Data for the task:
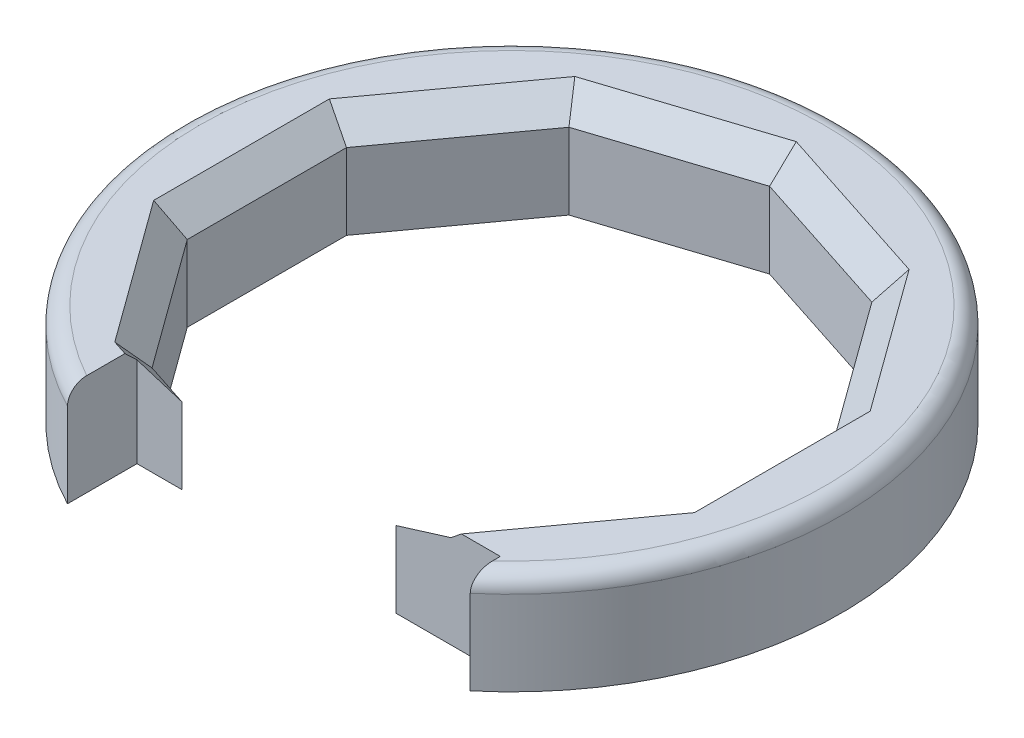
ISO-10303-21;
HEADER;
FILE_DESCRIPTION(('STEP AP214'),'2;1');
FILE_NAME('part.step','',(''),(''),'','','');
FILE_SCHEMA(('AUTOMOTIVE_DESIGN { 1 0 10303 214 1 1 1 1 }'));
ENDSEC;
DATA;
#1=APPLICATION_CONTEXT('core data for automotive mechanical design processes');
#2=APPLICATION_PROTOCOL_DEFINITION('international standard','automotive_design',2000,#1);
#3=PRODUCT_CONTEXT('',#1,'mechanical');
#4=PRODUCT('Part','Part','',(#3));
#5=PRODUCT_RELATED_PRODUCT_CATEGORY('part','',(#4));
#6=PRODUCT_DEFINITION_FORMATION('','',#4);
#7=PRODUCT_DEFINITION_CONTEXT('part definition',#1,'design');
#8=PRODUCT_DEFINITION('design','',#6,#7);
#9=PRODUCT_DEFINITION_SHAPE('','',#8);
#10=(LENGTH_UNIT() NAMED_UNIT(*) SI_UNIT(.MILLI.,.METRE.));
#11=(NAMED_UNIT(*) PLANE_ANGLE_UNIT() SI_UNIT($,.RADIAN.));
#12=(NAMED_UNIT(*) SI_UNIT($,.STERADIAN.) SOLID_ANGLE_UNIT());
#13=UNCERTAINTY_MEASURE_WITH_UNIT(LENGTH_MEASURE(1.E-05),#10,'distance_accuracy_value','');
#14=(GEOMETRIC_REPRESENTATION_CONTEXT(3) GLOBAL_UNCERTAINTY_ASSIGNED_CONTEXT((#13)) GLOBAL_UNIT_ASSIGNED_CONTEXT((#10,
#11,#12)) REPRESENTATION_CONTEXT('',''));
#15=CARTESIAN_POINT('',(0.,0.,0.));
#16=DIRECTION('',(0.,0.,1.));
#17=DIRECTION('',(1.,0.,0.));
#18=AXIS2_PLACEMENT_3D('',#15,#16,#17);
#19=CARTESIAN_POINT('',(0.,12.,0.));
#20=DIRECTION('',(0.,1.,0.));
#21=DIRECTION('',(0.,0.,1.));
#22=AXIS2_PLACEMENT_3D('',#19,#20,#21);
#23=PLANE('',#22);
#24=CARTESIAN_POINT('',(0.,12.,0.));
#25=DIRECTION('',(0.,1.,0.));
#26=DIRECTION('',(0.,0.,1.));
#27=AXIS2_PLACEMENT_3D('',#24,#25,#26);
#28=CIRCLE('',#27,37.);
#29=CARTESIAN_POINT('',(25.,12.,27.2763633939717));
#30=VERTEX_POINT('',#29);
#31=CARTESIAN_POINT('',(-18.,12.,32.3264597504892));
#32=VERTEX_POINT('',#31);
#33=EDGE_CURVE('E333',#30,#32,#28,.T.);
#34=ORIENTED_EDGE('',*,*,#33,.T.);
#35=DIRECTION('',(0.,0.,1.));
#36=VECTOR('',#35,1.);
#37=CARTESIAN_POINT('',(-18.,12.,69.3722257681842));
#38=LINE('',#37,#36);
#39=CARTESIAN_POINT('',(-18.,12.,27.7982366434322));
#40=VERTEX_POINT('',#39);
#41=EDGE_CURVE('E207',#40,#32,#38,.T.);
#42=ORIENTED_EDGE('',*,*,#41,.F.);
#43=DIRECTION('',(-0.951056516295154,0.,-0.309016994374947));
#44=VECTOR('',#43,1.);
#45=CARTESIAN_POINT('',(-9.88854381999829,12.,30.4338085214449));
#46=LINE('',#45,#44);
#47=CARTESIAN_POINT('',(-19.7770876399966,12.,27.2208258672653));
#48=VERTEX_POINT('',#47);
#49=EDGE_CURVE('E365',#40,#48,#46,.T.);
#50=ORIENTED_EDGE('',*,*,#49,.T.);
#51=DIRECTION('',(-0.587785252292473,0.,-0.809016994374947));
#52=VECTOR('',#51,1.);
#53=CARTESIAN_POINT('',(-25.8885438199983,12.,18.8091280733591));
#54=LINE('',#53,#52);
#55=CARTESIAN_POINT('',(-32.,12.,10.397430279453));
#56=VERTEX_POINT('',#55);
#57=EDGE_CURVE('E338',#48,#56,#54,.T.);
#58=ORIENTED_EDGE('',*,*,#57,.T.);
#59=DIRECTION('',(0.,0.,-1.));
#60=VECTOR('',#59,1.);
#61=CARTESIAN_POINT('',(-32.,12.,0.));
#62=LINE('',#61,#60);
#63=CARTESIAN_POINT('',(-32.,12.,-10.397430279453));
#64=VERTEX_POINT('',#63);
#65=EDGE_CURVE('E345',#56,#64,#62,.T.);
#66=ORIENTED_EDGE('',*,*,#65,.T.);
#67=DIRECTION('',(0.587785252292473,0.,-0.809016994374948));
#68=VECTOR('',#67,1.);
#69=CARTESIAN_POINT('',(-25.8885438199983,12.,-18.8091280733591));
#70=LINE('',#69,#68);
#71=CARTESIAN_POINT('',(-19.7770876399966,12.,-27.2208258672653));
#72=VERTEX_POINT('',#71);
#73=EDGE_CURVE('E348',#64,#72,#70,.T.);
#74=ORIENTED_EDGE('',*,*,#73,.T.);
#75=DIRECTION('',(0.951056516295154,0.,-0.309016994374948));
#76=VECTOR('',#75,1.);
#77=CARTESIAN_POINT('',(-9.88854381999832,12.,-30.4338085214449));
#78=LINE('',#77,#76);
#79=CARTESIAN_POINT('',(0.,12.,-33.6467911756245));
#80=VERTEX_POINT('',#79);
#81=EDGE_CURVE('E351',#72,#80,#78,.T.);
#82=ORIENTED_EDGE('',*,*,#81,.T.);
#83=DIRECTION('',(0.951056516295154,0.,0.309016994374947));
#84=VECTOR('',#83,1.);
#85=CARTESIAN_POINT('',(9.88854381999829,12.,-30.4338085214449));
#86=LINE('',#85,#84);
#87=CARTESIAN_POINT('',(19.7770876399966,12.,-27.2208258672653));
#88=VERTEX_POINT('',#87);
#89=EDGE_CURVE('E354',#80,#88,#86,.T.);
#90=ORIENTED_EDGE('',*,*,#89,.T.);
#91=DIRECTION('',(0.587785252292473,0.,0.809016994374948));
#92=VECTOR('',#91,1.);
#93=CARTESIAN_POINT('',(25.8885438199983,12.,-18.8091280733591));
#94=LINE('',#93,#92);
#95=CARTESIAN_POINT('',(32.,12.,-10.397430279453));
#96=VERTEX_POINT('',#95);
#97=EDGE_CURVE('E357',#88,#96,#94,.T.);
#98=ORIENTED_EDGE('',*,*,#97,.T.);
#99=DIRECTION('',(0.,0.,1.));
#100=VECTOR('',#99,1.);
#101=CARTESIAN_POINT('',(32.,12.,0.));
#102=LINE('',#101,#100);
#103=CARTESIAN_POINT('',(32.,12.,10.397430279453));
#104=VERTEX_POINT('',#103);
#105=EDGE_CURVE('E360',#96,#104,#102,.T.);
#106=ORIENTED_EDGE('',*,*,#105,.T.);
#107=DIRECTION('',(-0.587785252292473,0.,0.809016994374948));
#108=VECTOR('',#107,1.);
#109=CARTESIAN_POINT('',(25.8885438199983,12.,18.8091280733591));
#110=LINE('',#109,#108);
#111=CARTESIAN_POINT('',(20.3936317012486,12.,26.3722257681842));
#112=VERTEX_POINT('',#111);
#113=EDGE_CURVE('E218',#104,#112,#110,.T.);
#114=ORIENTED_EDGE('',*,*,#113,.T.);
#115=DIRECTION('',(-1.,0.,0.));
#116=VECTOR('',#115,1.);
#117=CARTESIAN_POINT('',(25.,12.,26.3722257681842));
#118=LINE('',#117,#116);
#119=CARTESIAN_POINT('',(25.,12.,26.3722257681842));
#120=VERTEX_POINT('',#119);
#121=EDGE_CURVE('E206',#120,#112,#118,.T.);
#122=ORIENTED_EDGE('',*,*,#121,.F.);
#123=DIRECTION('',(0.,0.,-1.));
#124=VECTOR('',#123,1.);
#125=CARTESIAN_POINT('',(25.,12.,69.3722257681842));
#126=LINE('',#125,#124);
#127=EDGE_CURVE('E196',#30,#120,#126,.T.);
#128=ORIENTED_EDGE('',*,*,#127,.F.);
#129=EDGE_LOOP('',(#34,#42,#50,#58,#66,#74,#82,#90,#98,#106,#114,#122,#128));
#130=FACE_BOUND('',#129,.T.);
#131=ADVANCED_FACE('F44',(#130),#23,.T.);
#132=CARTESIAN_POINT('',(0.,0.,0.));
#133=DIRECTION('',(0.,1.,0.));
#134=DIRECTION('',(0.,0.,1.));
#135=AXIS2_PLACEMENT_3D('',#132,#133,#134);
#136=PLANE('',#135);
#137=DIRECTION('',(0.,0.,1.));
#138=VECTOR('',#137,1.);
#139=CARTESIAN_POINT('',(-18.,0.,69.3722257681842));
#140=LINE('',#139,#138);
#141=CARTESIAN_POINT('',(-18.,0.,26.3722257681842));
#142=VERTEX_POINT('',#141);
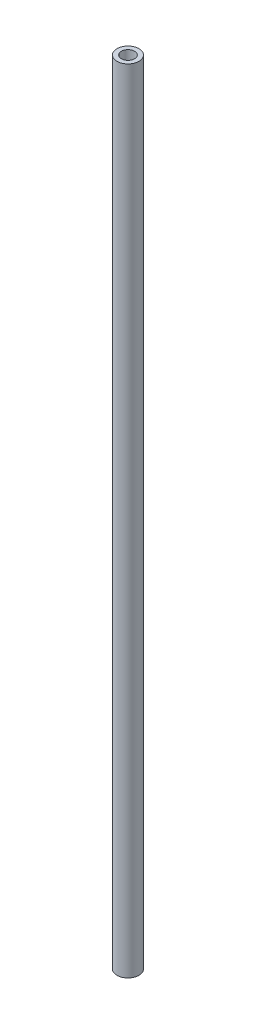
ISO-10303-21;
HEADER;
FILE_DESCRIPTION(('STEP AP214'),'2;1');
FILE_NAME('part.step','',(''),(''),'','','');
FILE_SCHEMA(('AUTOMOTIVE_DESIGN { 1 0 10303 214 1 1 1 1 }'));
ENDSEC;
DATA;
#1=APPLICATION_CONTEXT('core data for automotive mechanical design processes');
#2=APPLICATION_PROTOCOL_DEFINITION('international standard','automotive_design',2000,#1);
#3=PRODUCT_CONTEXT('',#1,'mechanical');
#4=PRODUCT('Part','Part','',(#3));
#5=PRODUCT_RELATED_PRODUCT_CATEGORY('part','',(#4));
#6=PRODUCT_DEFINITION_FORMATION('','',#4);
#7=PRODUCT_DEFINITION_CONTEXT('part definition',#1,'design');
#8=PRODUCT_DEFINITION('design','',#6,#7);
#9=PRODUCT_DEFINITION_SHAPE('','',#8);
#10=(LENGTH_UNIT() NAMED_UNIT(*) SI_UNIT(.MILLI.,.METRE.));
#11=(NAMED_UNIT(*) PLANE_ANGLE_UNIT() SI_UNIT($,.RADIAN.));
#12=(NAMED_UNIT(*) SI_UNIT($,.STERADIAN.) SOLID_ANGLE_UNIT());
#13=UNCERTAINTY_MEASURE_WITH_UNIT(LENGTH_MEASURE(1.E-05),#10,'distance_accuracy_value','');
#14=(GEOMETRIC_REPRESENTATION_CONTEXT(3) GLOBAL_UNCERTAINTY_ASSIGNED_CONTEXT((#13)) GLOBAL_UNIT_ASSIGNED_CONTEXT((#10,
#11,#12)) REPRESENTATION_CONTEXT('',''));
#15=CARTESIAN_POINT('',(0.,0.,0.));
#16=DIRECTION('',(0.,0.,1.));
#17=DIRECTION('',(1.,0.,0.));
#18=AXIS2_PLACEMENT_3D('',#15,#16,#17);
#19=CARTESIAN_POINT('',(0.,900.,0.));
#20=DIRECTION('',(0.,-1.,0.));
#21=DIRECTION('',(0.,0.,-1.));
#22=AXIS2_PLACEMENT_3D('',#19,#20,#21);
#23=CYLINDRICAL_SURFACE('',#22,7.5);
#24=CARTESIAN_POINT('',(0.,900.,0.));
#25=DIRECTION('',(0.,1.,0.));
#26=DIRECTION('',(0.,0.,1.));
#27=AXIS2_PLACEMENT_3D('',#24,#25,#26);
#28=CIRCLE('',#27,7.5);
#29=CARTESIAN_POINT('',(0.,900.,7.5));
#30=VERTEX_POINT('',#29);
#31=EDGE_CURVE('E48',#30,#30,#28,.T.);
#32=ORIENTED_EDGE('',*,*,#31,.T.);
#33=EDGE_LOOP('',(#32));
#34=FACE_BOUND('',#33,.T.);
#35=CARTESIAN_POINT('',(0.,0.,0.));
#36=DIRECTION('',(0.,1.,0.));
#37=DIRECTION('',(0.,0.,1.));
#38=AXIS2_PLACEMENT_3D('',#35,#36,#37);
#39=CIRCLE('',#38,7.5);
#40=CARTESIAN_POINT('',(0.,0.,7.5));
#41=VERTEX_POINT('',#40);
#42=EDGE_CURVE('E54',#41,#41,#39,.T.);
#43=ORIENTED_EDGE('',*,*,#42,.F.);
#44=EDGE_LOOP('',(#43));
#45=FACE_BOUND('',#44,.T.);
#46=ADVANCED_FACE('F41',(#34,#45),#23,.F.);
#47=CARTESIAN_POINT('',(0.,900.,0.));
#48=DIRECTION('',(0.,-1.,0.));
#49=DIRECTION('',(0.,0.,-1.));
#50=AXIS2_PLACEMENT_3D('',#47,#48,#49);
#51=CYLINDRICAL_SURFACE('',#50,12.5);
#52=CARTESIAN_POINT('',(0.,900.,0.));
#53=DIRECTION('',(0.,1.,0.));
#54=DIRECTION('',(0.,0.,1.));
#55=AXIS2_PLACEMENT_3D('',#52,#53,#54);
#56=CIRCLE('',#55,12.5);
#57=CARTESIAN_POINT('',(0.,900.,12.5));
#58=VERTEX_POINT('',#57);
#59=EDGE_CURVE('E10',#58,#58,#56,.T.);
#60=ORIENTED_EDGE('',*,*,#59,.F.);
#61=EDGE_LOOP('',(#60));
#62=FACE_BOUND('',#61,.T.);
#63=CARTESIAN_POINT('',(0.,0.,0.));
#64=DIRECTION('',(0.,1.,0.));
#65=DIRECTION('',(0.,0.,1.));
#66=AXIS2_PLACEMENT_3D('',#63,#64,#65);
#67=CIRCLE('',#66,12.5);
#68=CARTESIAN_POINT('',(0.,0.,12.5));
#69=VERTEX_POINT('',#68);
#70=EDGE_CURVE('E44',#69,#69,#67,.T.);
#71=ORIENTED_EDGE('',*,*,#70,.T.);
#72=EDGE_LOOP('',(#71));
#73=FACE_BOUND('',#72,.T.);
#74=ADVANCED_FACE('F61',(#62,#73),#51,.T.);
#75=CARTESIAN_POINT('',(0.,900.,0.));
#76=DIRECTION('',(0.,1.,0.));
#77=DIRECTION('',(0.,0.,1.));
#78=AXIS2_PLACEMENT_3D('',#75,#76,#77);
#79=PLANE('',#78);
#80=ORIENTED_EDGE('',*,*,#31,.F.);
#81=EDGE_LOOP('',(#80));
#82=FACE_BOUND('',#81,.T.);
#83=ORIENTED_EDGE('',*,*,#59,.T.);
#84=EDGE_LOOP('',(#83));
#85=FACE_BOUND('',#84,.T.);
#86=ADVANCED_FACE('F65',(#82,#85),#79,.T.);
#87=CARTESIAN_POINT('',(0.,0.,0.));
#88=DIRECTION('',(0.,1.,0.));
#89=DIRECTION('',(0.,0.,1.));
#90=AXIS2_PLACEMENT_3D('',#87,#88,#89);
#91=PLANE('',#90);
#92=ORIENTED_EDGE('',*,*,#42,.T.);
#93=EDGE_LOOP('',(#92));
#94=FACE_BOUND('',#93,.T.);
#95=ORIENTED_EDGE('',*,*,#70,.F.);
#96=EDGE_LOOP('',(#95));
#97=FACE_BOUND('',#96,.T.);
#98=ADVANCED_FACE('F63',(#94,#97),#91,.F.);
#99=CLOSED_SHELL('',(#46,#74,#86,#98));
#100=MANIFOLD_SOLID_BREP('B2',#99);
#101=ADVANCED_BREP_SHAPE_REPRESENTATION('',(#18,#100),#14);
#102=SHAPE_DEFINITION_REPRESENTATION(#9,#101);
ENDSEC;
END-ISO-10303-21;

Your instructions: Could you transcribe the entries above word for word, from the line with "#75=DIRECTION('',(0.951056516295154,0.,-0.309016994374948));" down to the line with "#121=EDGE_CURVE('E206',#120,#112,#118,.T.);", keeping both?

Solution for this problem:
#75=DIRECTION('',(0.951056516295154,0.,-0.309016994374948));
#76=VECTOR('',#75,1.);
#77=CARTESIAN_POINT('',(-9.88854381999832,12.,-30.4338085214449));
#78=LINE('',#77,#76);
#79=CARTESIAN_POINT('',(0.,12.,-33.6467911756245));
#80=VERTEX_POINT('',#79);
#81=EDGE_CURVE('E351',#72,#80,#78,.T.);
#82=ORIENTED_EDGE('',*,*,#81,.T.);
#83=DIRECTION('',(0.951056516295154,0.,0.309016994374947));
#84=VECTOR('',#83,1.);
#85=CARTESIAN_POINT('',(9.88854381999829,12.,-30.4338085214449));
#86=LINE('',#85,#84);
#87=CARTESIAN_POINT('',(19.7770876399966,12.,-27.2208258672653));
#88=VERTEX_POINT('',#87);
#89=EDGE_CURVE('E354',#80,#88,#86,.T.);
#90=ORIENTED_EDGE('',*,*,#89,.T.);
#91=DIRECTION('',(0.587785252292473,0.,0.809016994374948));
#92=VECTOR('',#91,1.);
#93=CARTESIAN_POINT('',(25.8885438199983,12.,-18.8091280733591));
#94=LINE('',#93,#92);
#95=CARTESIAN_POINT('',(32.,12.,-10.397430279453));
#96=VERTEX_POINT('',#95);
#97=EDGE_CURVE('E357',#88,#96,#94,.T.);
#98=ORIENTED_EDGE('',*,*,#97,.T.);
#99=DIRECTION('',(0.,0.,1.));
#100=VECTOR('',#99,1.);
#101=CARTESIAN_POINT('',(32.,12.,0.));
#102=LINE('',#101,#100);
#103=CARTESIAN_POINT('',(32.,12.,10.397430279453));
#104=VERTEX_POINT('',#103);
#105=EDGE_CURVE('E360',#96,#104,#102,.T.);
#106=ORIENTED_EDGE('',*,*,#105,.T.);
#107=DIRECTION('',(-0.587785252292473,0.,0.809016994374948));
#108=VECTOR('',#107,1.);
#109=CARTESIAN_POINT('',(25.8885438199983,12.,18.8091280733591));
#110=LINE('',#109,#108);
#111=CARTESIAN_POINT('',(20.3936317012486,12.,26.3722257681842));
#112=VERTEX_POINT('',#111);
#113=EDGE_CURVE('E218',#104,#112,#110,.T.);
#114=ORIENTED_EDGE('',*,*,#113,.T.);
#115=DIRECTION('',(-1.,0.,0.));
#116=VECTOR('',#115,1.);
#117=CARTESIAN_POINT('',(25.,12.,26.3722257681842));
#118=LINE('',#117,#116);
#119=CARTESIAN_POINT('',(25.,12.,26.3722257681842));
#120=VERTEX_POINT('',#119);
#121=EDGE_CURVE('E206',#120,#112,#118,.T.);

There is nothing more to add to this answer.